35:19Dewan: Totally. One prediction you’re confident in in 2026?

35:25Nick: I am confident that people are going to actually start being able to leverage agents appropriately and that truly security will become part of DevOps, so it will actually be DevSecOps. Or more importantly, we’ll actually bring the teams together closer than they’ve ever been. And I see that happening because there’s only way to success is for that to happen, so I’m confident that it will.

35:44Dewan: The final rapid-fire question, Nick: One prediction you hope doesn’t come true?

35:50Nick: One prediction that I think I hope doesn’t come true. I think thinking that AI becomes smarter than humans was a fear for a while, but now that I’m seeing Waymos get stuck in the street, I wouldn’t mind if they become a little bit smarter. I think that would be okay with me!

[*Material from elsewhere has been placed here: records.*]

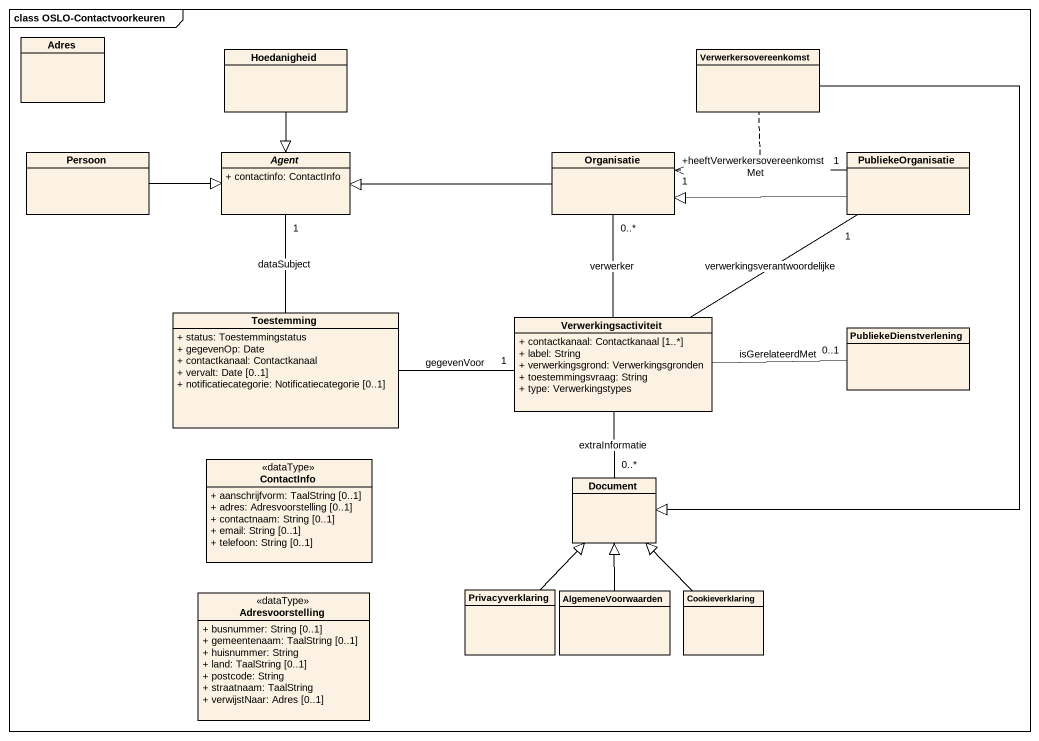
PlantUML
@startuml
mainframe class OSLO-Contactvoorkeuren
hide circle
hide empty members
skinparam classAttributeIconSize 0
class Adres
class Hoedanigheid
class Verwerkersovereenkomst
class Persoon
abstract class "Agent" as Agent_ {
  + contactinfo: ContactInfo
}
class Organisatie
class PubliekeOrganisatie
class Toestemming {
  + status: Toestemmingstatus
  + gegevenOp: Date
  + contactkanaal: Contactkanaal
  + vervalt: Date [0..1]
  + notificatiecategorie: Notificatiecategorie [0..1]
}
class Verwerkingsactiviteit {
  + contactkanaal: Contactkanaal [1..*]
  + label: String
  + verwerkingsgrond: Verwerkingsgronden
  + toestemmingsvraag: String
  + type: Verwerkingstypes
}
class PubliekeDienstverlening
class ContactInfo <<dataType>> {
  + aanschrijfvorm: TaalString [0..1]
  + adres: Adresvoorstelling [0..1]
  + contactnaam: String [0..1]
  + email: String [0..1]
  + telefoon: String [0..1]
}
class Document
class Adresvoorstelling <<dataType>> {
  + busnummer: String [0..1]
  + gemeentenaam: TaalString [0..1]
  + huisnummer: String
  + land: TaalString [0..1]
  + postcode: String
  + straatnaam: TaalString
  + verwijstNaar: Adres [0..1]
}
class Privacyverklaring
class AlgemeneVoorwaarden
class Cookieverklaring
Hoedanigheid --|> Agent_
Verwerkersovereenkomst --|> Document
Persoon -right-|> Agent_
Organisatie -left-|> Agent_
PubliekeOrganisatie -left-|> Organisatie
PubliekeOrganisatie "1" -left-> "+heeftVerwerkersovereenkomstMet\n1" Organisatie
(PubliekeOrganisatie, Organisatie) .. Verwerkersovereenkomst
Toestemming -up- "1" Agent_ : dataSubject
Toestemming -right- "1" Verwerkingsactiviteit : gegevenVoor
Verwerkingsactiviteit -up- "0..*" Organisatie : verwerker
Verwerkingsactiviteit -up- "1" PubliekeOrganisatie : verwerkingsverantwoordelijke
Verwerkingsactiviteit -right- "0..1" PubliekeDienstverlening : isGerelateerdMet
Verwerkingsactiviteit -- "0..*" Document : extraInformatie
Privacyverklaring -up-|> Document
AlgemeneVoorwaarden -up-|> Document
Cookieverklaring -up-|> Document
@enduml
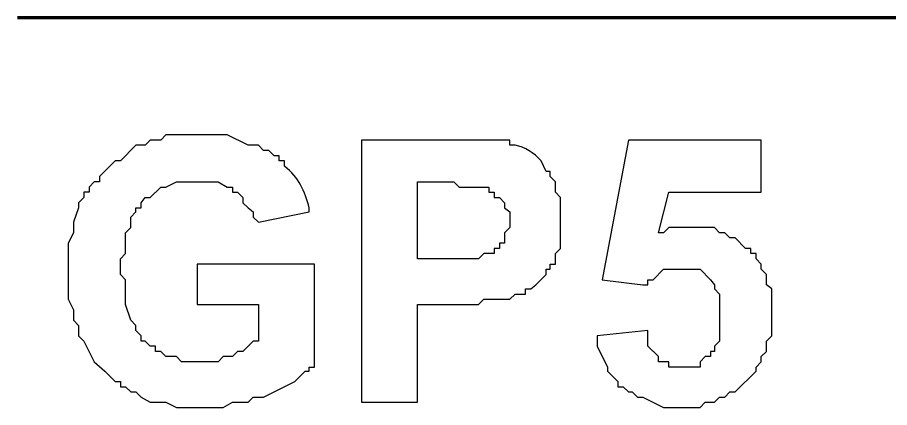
# Model space of a CAD drawing. Header units: millimetres. Extents: x -109 to -14.2, y -107.5 to -24.7.
# Drawn here: x -80.651 to -76.33, y -57.881 to -55.952 of the extents above; entities that cross this region are included whole.
import ezdxf

# ---------------------------------------------------------------- set-up
doc = ezdxf.new("R2010")
doc.units = ezdxf.units.MM
doc.header["$MEASUREMENT"] = 0
doc.layers.add('layer 1', color=7, linetype='Continuous')

msp = doc.modelspace()

# ---------------------------------------------------------------- linework, layer by layer
at = {"layer": 'layer 1', "color": 0, "lineweight": 80}
msp.add_open_spline([(-80.6507, -55.9519), (-80.6507, -55.9519), (-72.0095, -55.9519), (-72.0095, -55.9519)], degree=3, dxfattribs=at)
at = {"layer": 'layer 1', "color": 0}
for points, knots in [([(-79.7601, -57.3717), (-79.7601, -57.3717), (-79.7601, -57.1716), (-79.7601, -57.1716), (-79.7601, -57.1716), (-79.7601, -57.1716), (-79.1793, -57.1716), (-79.1793, -57.1716), (-79.1793, -57.1716), (-79.1793, -57.1716), (-79.1793, -57.6815), (-79.1793, -57.6815), (-79.1793, -57.6815), (-79.1793, -57.6815), (-79.2051, -57.6815), (-79.2051, -57.6815), (-79.2051, -57.6815), (-79.2051, -57.6815), (-79.2051, -57.7008), (-79.2051, -57.7008), (-79.2051, -57.7008), (-79.2051, -57.7008), (-79.2245, -57.7008), (-79.2245, -57.7008), (-79.2245, -57.7008), (-79.2245, -57.7008), (-79.2761, -57.7524), (-79.2761, -57.7524), (-79.2761, -57.7524), (-79.2761, -57.7524), (-79.431, -57.8299), (-79.431, -57.8299), (-79.431, -57.8299), (-79.431, -57.8299), (-79.4826, -57.8299), (-79.4826, -57.8299), (-79.4826, -57.8299), (-79.4826, -57.8299), (-79.5084, -57.8557), (-79.5084, -57.8557), (-79.5084, -57.8557), (-79.5084, -57.8557), (-79.5859, -57.8557), (-79.5859, -57.8557), (-79.5859, -57.8557), (-79.5859, -57.8557), (-79.6311, -57.8815), (-79.6311, -57.8815), (-79.6311, -57.8815), (-79.6311, -57.8815), (-79.8634, -57.8815), (-79.8634, -57.8815), (-79.8634, -57.8815), (-79.8634, -57.8815), (-79.915, -57.8557), (-79.915, -57.8557), (-79.915, -57.8557), (-79.915, -57.8557), (-79.9925, -57.8557), (-79.9925, -57.8557), (-79.9925, -57.8557), (-79.9925, -57.8557), (-80.0376, -57.8299), (-80.0376, -57.8299), (-80.0376, -57.8299), (-80.0376, -57.8299), (-80.0634, -57.804), (-80.0634, -57.804), (-80.0634, -57.804), (-80.0634, -57.804), (-80.0893, -57.804), (-80.0893, -57.804), (-80.0893, -57.804), (-80.0893, -57.804), (-80.1151, -57.7783), (-80.1151, -57.7783), (-80.1151, -57.7783), (-80.1151, -57.7783), (-80.1409, -57.7783), (-80.1409, -57.7783), (-80.1409, -57.7783), (-80.1409, -57.7783), (-80.1409, -57.7524), (-80.1409, -57.7524), (-80.1409, -57.7524), (-80.1409, -57.7524), (-80.1667, -57.7524), (-80.1667, -57.7524), (-80.1667, -57.7524), (-80.1667, -57.7524), (-80.2183, -57.7008), (-80.2183, -57.7008), (-80.2183, -57.7008), (-80.2183, -57.7008), (-80.27, -57.6556), (-80.27, -57.6556), (-80.27, -57.6556), (-80.27, -57.6556), (-80.3216, -57.5524), (-80.3216, -57.5524), (-80.3216, -57.5524), (-80.3216, -57.5524), (-80.3474, -57.5266), (-80.3474, -57.5266), (-80.3474, -57.5266), (-80.3474, -57.5266), (-80.3474, -57.4749), (-80.3474, -57.4749), (-80.3474, -57.4749), (-80.3474, -57.4749), (-80.3732, -57.4491), (-80.3732, -57.4491), (-80.3732, -57.4491), (-80.3732, -57.4491), (-80.3732, -57.3975), (-80.3732, -57.3975), (-80.3732, -57.3975), (-80.3732, -57.3975), (-80.399, -57.3459), (-80.399, -57.3459), (-80.399, -57.3459), (-80.399, -57.3459), (-80.399, -57.0683), (-80.399, -57.0683), (-80.399, -57.0683), (-80.399, -57.0683), (-80.3732, -57.0167), (-80.3732, -57.0167), (-80.3732, -57.0167), (-80.3732, -57.0167), (-80.3732, -56.9651), (-80.3732, -56.9651), (-80.3732, -56.9651), (-80.3732, -56.9651), (-80.3474, -56.8941), (-80.3474, -56.8941), (-80.3474, -56.8941), (-80.3474, -56.8941), (-80.3474, -56.8683), (-80.3474, -56.8683), (-80.3474, -56.8683), (-80.3474, -56.8683), (-80.3216, -56.8425), (-80.3216, -56.8425), (-80.3216, -56.8425), (-80.3216, -56.8425), (-80.3216, -56.8167), (-80.3216, -56.8167), (-80.3216, -56.8167), (-80.3216, -56.8167), (-80.2958, -56.8167), (-80.2958, -56.8167), (-80.2958, -56.8167), (-80.2958, -56.8167), (-80.2958, -56.7909), (-80.2958, -56.7909), (-80.2958, -56.7909), (-80.2958, -56.7909), (-80.27, -56.765), (-80.27, -56.765), (-80.27, -56.765), (-80.27, -56.765), (-80.2441, -56.765), (-80.2441, -56.765), (-80.2441, -56.765), (-80.2441, -56.765), (-80.2441, -56.7392), (-80.2441, -56.7392), (-80.2441, -56.7392), (-80.2441, -56.7392), (-80.1667, -56.6618), (-80.1667, -56.6618), (-80.1667, -56.6618), (-80.1667, -56.6618), (-80.1409, -56.6618), (-80.1409, -56.6618), (-80.1409, -56.6618), (-80.1409, -56.6618), (-80.0634, -56.5843), (-80.0634, -56.5843), (-80.0634, -56.5843), (-80.0634, -56.5843), (-80.0183, -56.5843), (-80.0183, -56.5843), (-80.0183, -56.5843), (-80.0183, -56.5843), (-79.9925, -56.5585), (-79.9925, -56.5585), (-79.9925, -56.5585), (-79.9925, -56.5585), (-79.9408, -56.5585), (-79.9408, -56.5585), (-79.9408, -56.5585), (-79.9408, -56.5585), (-79.915, -56.5327), (-79.915, -56.5327), (-79.915, -56.5327), (-79.915, -56.5327), (-79.6117, -56.5327), (-79.6117, -56.5327), (-79.6117, -56.5327), (-79.6117, -56.5327), (-79.5084, -56.5843), (-79.5084, -56.5843), (-79.5084, -56.5843), (-79.5084, -56.5843), (-79.4568, -56.5843), (-79.4568, -56.5843), (-79.4568, -56.5843), (-79.4568, -56.5843), (-79.431, -56.6102), (-79.431, -56.6102), (-79.431, -56.6102), (-79.431, -56.6102), (-79.4052, -56.6102), (-79.4052, -56.6102), (-79.4052, -56.6102), (-79.4052, -56.6102), (-79.3794, -56.636), (-79.3794, -56.636), (-79.3794, -56.636), (-79.3794, -56.636), (-79.3536, -56.636), (-79.3536, -56.636), (-79.3536, -56.636), (-79.3536, -56.636), (-79.3536, -56.6618), (-79.3536, -56.6618), (-79.3536, -56.6618), (-79.3536, -56.6618), (-79.3277, -56.6618), (-79.3277, -56.6618), (-79.3277, -56.6618), (-79.3277, -56.6618), (-79.3277, -56.6876), (-79.3277, -56.6876), (-79.3277, -56.6876), (-79.2564, -56.7448), (-79.2273, -56.8095), (-79.2051, -56.8941), (-79.2051, -56.8941), (-79.2051, -56.8941), (-79.2051, -56.9135), (-79.2051, -56.9135), (-79.2051, -56.9135), (-79.2051, -56.9135), (-79.4568, -56.9651), (-79.4568, -56.9651), (-79.4568, -56.9651), (-79.4568, -56.9651), (-79.4826, -56.9393), (-79.4826, -56.9393), (-79.4826, -56.9393), (-79.4826, -56.9393), (-79.4826, -56.9135), (-79.4826, -56.9135), (-79.4826, -56.9135), (-79.4826, -56.9135), (-79.5084, -56.8941), (-79.5084, -56.8941), (-79.5084, -56.8941), (-79.5084, -56.8941), (-79.5343, -56.8683), (-79.5343, -56.8683), (-79.5343, -56.8683), (-79.5343, -56.8683), (-79.5343, -56.8425), (-79.5343, -56.8425), (-79.5343, -56.8425), (-79.5343, -56.8425), (-79.5601, -56.8167), (-79.5601, -56.8167), (-79.5601, -56.8167), (-79.5601, -56.8167), (-79.5859, -56.8167), (-79.5859, -56.8167), (-79.5859, -56.8167), (-79.5859, -56.8167), (-79.5859, -56.7909), (-79.5859, -56.7909), (-79.5859, -56.7909), (-79.5859, -56.7909), (-79.6117, -56.7909), (-79.6117, -56.7909), (-79.6117, -56.7909), (-79.6117, -56.7909), (-79.6569, -56.765), (-79.6569, -56.765), (-79.6569, -56.765), (-79.6569, -56.765), (-79.8634, -56.765), (-79.8634, -56.765), (-79.8634, -56.765), (-79.8634, -56.765), (-79.915, -56.7909), (-79.915, -56.7909), (-79.915, -56.7909), (-79.915, -56.7909), (-79.9408, -56.7909), (-79.9408, -56.7909), (-79.9408, -56.7909), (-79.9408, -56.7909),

36:06Dewan: We’ll all be happy if we have less stuck Waymos! With that, Nick Durkin, our special guest for 2026 predictions of the Ship Talk podcast, where we talk about the ins and outs, ups and downs of software delivery. Hey, if you want to connect with Nick Durkin, I’ll link his LinkedIn in the podcast description, and follow our podcast. Thank you so much, Nick, for joining.

36:31Nick: Thank you so much for having me. Can’t wait to be on again!